Exercise brief
The entries below contain a line with "A CAD part, left-side" and a line with "#6045 = EDGE_CURVE". Quote exactly those two lines and all lines between them.

-- -- --

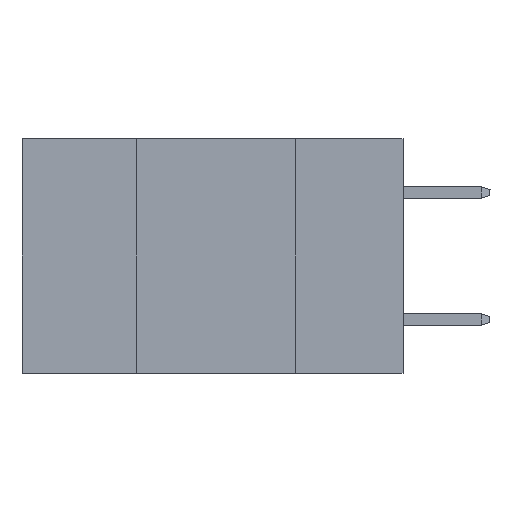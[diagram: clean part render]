
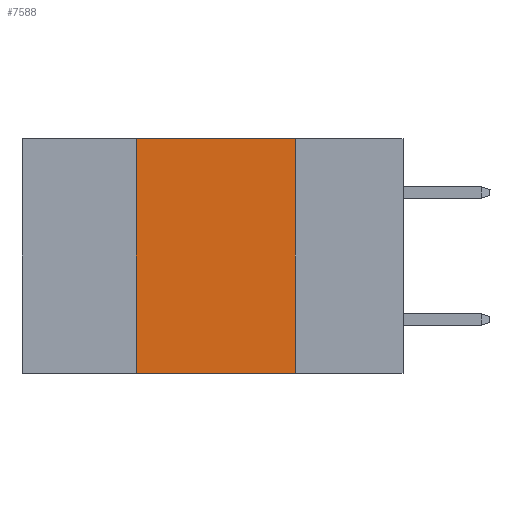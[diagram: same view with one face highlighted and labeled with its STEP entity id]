
A CAD part, left-side view. The second image highlights one B-rep face of the part: STEP entity #7588.
In plain terms, the highlighted planar face has unit normal (-1, 0, 0).
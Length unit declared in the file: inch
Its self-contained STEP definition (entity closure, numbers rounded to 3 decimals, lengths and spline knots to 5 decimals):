
#321 = DIRECTION ( 'NONE',  ( 1., 0., 0. ) ) ;
#496 = VERTEX_POINT ( 'NONE', #12420 ) ;
#807 = CARTESIAN_POINT ( 'NONE',  ( 0., 0.42, 0. ) ) ;
#3369 = VECTOR ( 'NONE', #19854, 39.37008 ) ;
#4582 = VERTEX_POINT ( 'NONE', #807 ) ;
#4831 = EDGE_CURVE ( 'NONE', #4582, #35559, #20062, .T. ) ;
#6045 = EDGE_CURVE ( 'NONE', #24721, #496, #17812, .T. ) ;
#7244 = ORIENTED_EDGE ( 'NONE', *, *, #6045, .T. ) ;
#7588 = ADVANCED_FACE ( 'NONE', ( #28751 ), #26017, .F. ) ;
#8101 = CARTESIAN_POINT ( 'NONE',  ( 0., 0.17, 0. ) ) ;
#10066 = EDGE_CURVE ( 'NONE', #35559, #496, #36274, .T. ) ;
#10378 = CARTESIAN_POINT ( 'NONE',  ( 0., 0.6, 0. ) ) ;
#11446 = ORIENTED_EDGE ( 'NONE', *, *, #10066, .F. ) ;
#12420 = CARTESIAN_POINT ( 'NONE',  ( 0., 0.17, -0.37 ) ) ;
#14806 = EDGE_LOOP ( 'NONE', ( #11446, #36758, #37463, #7244 ) ) ;
#14930 = DIRECTION ( 'NONE',  ( 0., 0., 1. ) ) ;
#17812 = LINE ( 'NONE', #36735, #19300 ) ;
#19300 = VECTOR ( 'NONE', #30652, 39.37008 ) ;
#19854 = DIRECTION ( 'NONE',  ( 0., -1., 0. ) ) ;
#20062 = LINE ( 'NONE', #10378, #3369 ) ;
#20486 = VECTOR ( 'NONE', #36480, 39.37008 ) ;
#23275 = DIRECTION ( 'NONE',  ( 0., 0., -1. ) ) ;
#23770 = LINE ( 'NONE', #30702, #41303 ) ;
#24721 = VERTEX_POINT ( 'NONE', #33488 ) ;
#25836 = CARTESIAN_POINT ( 'NONE',  ( 0., 0.17, 0. ) ) ;
#26017 = PLANE ( 'NONE',  #37294 ) ;
#28751 = FACE_OUTER_BOUND ( 'NONE', #14806, .T. ) ;
#30652 = DIRECTION ( 'NONE',  ( 0., -1., 0. ) ) ;
#30702 = CARTESIAN_POINT ( 'NONE',  ( 0., 0.42, 0. ) ) ;
#32325 = CARTESIAN_POINT ( 'NONE',  ( 0., 0.6, 0. ) ) ;
#33488 = CARTESIAN_POINT ( 'NONE',  ( 0., 0.42, -0.37 ) ) ;
#35559 = VERTEX_POINT ( 'NONE', #25836 ) ;
#36274 = LINE ( 'NONE', #8101, #20486 ) ;
#36480 = DIRECTION ( 'NONE',  ( 0., 0., -1. ) ) ;
#36735 = CARTESIAN_POINT ( 'NONE',  ( 0., 0.6, -0.37 ) ) ;
#36758 = ORIENTED_EDGE ( 'NONE', *, *, #4831, .F. ) ;
#37294 = AXIS2_PLACEMENT_3D ( 'NONE', #32325, #321, #23275 ) ;
#37463 = ORIENTED_EDGE ( 'NONE', *, *, #37867, .F. ) ;
#37867 = EDGE_CURVE ( 'NONE', #24721, #4582, #23770, .T. ) ;
#41303 = VECTOR ( 'NONE', #14930, 39.37008 ) ;

-- -- --

Reply
A CAD part, left-side view. The second image highlights one B-rep face of the part: STEP entity #7588.
In plain terms, the highlighted planar face has unit normal (-1, 0, 0).
Length unit declared in the file: inch
Its self-contained STEP definition (entity closure, numbers rounded to 3 decimals, lengths and spline knots to 5 decimals):
#321 = DIRECTION ( 'NONE',  ( 1., 0., 0. ) ) ;
#496 = VERTEX_POINT ( 'NONE', #12420 ) ;
#807 = CARTESIAN_POINT ( 'NONE',  ( 0., 0.42, 0. ) ) ;
#3369 = VECTOR ( 'NONE', #19854, 39.37008 ) ;
#4582 = VERTEX_POINT ( 'NONE', #807 ) ;
#4831 = EDGE_CURVE ( 'NONE', #4582, #35559, #20062, .T. ) ;
#6045 = EDGE_CURVE ( 'NONE', #24721, #496, #17812, .T. ) ;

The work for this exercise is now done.